SOUP MAKES EVERYTHING BETTER
In times of almost any sort of trouble, cooking can make things better.
Sometimes I turn to the stove not because I need to prepare a meal but for
the sensual pleasure that cooking imparts. In a swirling halo of aromas,
worries fade away, however briefly, and the world is reduced to a pleasurable
rhythm of chopping, stirring and pouring that results in something good.
Add good music and chances are you'll rise above whatever gloom had you in
its grip. Next thing you know, you may be calling a friend with an invitation.

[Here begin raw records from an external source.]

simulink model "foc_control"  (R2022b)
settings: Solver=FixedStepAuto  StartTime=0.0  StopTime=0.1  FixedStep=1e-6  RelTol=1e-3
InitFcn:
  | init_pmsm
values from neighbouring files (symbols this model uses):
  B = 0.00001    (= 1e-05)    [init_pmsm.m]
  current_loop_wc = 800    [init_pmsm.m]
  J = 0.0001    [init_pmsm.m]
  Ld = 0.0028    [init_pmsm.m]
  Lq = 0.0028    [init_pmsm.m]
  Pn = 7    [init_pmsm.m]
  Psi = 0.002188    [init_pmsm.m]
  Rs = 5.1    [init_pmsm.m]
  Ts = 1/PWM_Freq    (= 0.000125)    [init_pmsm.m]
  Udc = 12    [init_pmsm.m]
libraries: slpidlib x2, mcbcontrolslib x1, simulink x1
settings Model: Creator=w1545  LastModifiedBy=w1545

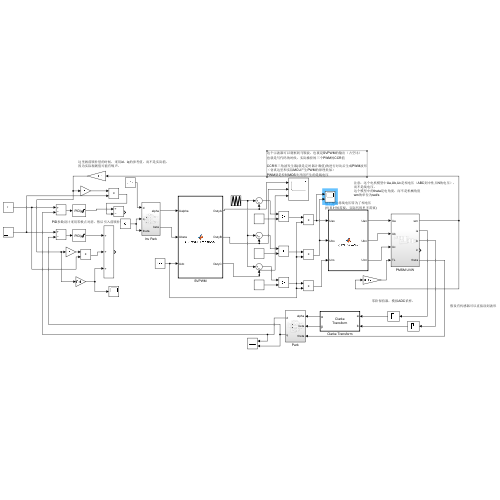
[thumbnail: Simulink's stored preview of the top-level diagram]
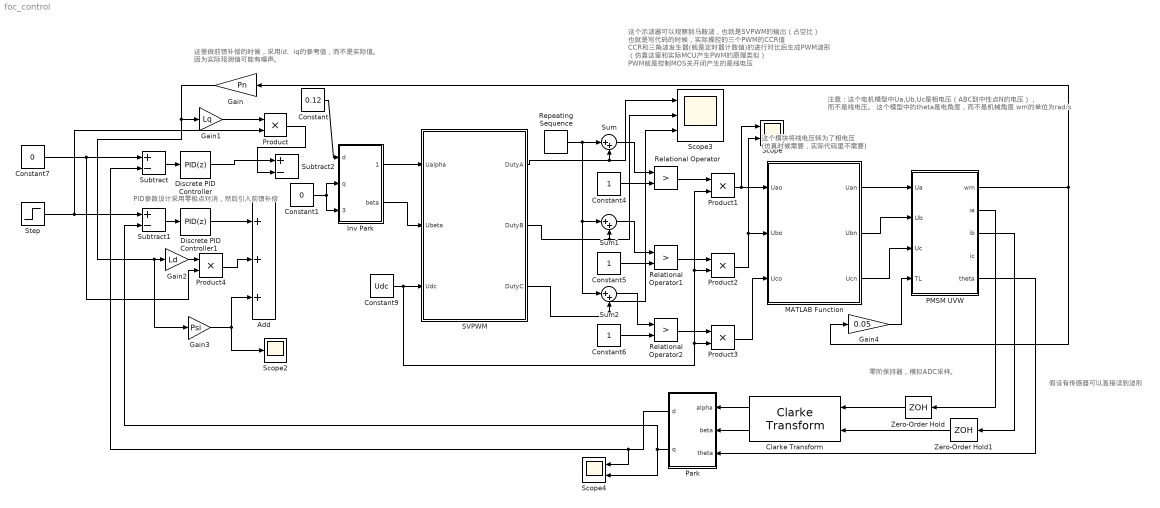
== system foc_control ==
  note: PID参数设计采用零极点对消，然后引入前馈补偿
  note: 假设有传感器可以直接读到波形
  note: 零阶保持器，模拟ADC采样。
  note: 这个模块将线电压转为了相电压
      | (仿真时候需要，实际代码里不需要)
  note: 这个示波器可以观察到马鞍波，也就是SVPWM的输出（占空比）
      | 也就是写代码的时候，实际操控的三个PWM的CCR值
      |
      | CCR和三角波发生器(就是定时器计数值)的进行对比后生成PWM波形
      | （仿真这里和实际MCU产生PWM的原理类似）
      | PWM就是控制MOS关开闭产生的是线电压
  note: 这里做前馈补偿的时候，采用id、iq的参考值，而不是实际值。
      | 因为实际观测值可能有噪声。
  note: 注意：这个电机模型中Ua,Ub,Uc是相电压（ABC到中性点N的电压），
      | 而不是线电压。
      | 这个模型中的theta是电角度，而不是机械角度
      | wm的单位为rad/s
  Add : Sum  Inputs=+++
  Clarke Transform : mcbcontrolslib/Clarke Transform  VariantControl=Variant2
      settings: LibrarySourceBlock=mcbhdllib/Controls/Math Transforms/Clarke Transform
  Constant : Constant  Value=0.12
  Constant1 : Constant  Value=0
  Constant4 : Constant
  Constant5 : Constant
  Constant6 : Constant
  Constant7 : Constant  Value=0
  Constant9 : Constant  Value=Udc
  Discrete PID Controller : slpidlib/PID Controller  Controller=PID  Form=Parallel  TimeDomain=Discrete-time  UseExternalTs=off  SampleTime=Ts  IntegratorMethod=Forward Euler  FilterMethod=Forward Euler  ControllerParametersSource=internal  P=Ld*current_loop_wc  I=Rs*current_loop_wc  UseKiTs=off  D=0  N=100  UseFilter=on  TunerSelectOption=Transfer Function Based (PID Tuner App)  InitialConditionSource=internal  InitialConditionForIntegrator=0  InitialConditionForFilter=0  DifferentiatorICPrevScaledInput=0  ExternalReset=none  TrackingMode=off  Kt=1  LimitOutput=on  SatLimitsSource=internal  UpperSaturationLimit=Udc/sqrt(3)  LowerSaturationLimit=-Udc/sqrt(3)  LinearizeAsGain=off  AntiWindupMode=none  Kb=1  LimitIntegrator=off  UpperIntegratorSaturationLimit=inf  LowerIntegratorSaturationLimit=-inf  POutMin=[]  POutMax=[]  IOutMin=[]  IOutMax=[]  DOutMin=[]  DOutMax=[]  NOutMin=[]  NOutMax=[]  SumOutMin=[]  SumOutMax=[]  SaturationOutMin=[]  SaturationOutMax=[]  PParamMin=[]  PParamMax=[]  IParamMin=[]  IParamMax=[]  DParamMin=[]  DParamMax=[]  NParamMin=[]  NParamMax=[]  KbParamMin=[]  KbParamMax=[]  KtParamMin=[]  KtParamMax=[]  KbOutMin=[]  KbOutMax=[]  KtOutMin=[]  KtOutMax=[]  IntegratorOutMin=[]  IntegratorOutMax=[]  FilterOutMin=[]  FilterOutMax=[]  SumI1OutMin=[]  SumI1OutMax=[]  SumI2OutMin=[]  SumI2OutMax=[]  SumI3OutMin=[]  SumI3OutMax=[]  SumI4OutMin=[]  SumI4OutMax=[]  SumDOutMin=[]  SumDOutMax=[]  DifferentiatorOutMin=[]  DifferentiatorOutMax=[]  FilterDiffOutCoefMin=[]  FilterDiffOutCoefMax=[]  ReciprocalOutMin=[]  ReciprocalOutMax=[]  SumDenOutMin=[]  SumDenOutMax=[]  SumNumOutMin=[]  SumNumOutMax=[]  DivideOutMin=[]  DivideOutMax=[]  UdiffTsProdOutMin=[]  UdiffTsProdOutMax=[]  NTsProdOutMin=[]  NTsProdOutMax=[]  UintegralTsProdOutMin=[]  UintegralTsProdOutMax=[]  UngainTsProdOutMin=[]  UngainTsProdOutMax=[]  ClampingZeroOutDataTypeStr=Inherit: Inherit via back propagation  ClampingZeroOutMin=[]  ClampingZeroOutMax=[]  FilterDenConstantOutDataTypeStr=Inherit: Inherit via back propagation  FilterDenConstantOutMin=[]  FilterDenConstantOutMax=[]  PCopyOutDataTypeStr=Inherit: Inherit via back propagation  PCopyOutMin=[]  PCopyOutMax=[]  NCopyOutDataTypeStr=Inherit: Inherit via back propagation  NCopyOutMin=[]  NCopyOutMax=[]  IntegratorContinuousStateAttributes=''  IntegratorStateMustResolveToSignalObject=off  IntegratorRTWStateStorageClass=Auto  FilterContinuousStateAttributes=''  FilterStateMustResolveToSignalObject=off  FilterRTWStateStorageClass=Auto  ParallelPVariant=InternalParameters  IdealPVariant=Disabled  IVariant=InternalParameters  DVariant=InternalParameters  IntegratorVariant=Discrete  SatVariant=Enabled  AWVariant=Passthrough  PCopyVariant=Disabled  TRVariant=Disabled  FdbkBlocksVariant=Forward  IdealPFdbkVariant=Disabled  SatFdbkVariant=Disabled  DerivativeFilterVariant=ForwardEulerFilter  NVariant=InternalParameters  NCopyVariant=Disabled  FilterICVariant=InternalICsFilter  IntegratorICVariant=InternalICs  ExternalResetVariant=Disabled  TRSumVariant=Passthrough  SumFdbkVariant=Disabled  SumVariant=Sum_PID  TsampFilterVariant=InternalTs  TsampNgainVariant=Passthrough  TsampIntegralVariant=Passthrough  ExternalSaturationOutDataTypeStr=Inherit: Same as second input
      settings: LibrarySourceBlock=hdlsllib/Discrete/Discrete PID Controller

In the end, it doesn't matter how bad things get: Everyone needs dinner. We
might as well enjoy it -- the process of making it, the pleasure of eating it
-- as much as we can. Throughout human history, we have taken breaks from
almost everything to have a meal.
The other day a friend mentioned that she was intrigued by noodle soups,
which got me to thinking about some of my favorites, included here for her and
You can find yam noodles in the refrigerated section of most Asian markets;
they are absolutely delicious. Although this soup is good any time of day, I
enjoy it most at breakfast; it is also good with sauteed or braised greens,
with or without the noodles.
Simple Miso Soup with Yam Noodles
Makes 2 servings
2 cups Dashi (see Note below) or water
1 fresh ginger slice
1 garlic clove, crushed
2 tablespoons red miso
2 tablespoons mirin (sweetened sake, for cooking)
1 8-ounce package yam noodles, drained
2 scallions, trimmed and very thinly sliced
1 tablespoon cilantro leaves
Heat the dashi or water in a small saucepan, add the ginger and garlic,
cover and remove from the heat. Let steep 15 minutes. Remove and discard the
ginger and garlic.
Whisk in the miso and the mirin, return to a medium flame and heat through.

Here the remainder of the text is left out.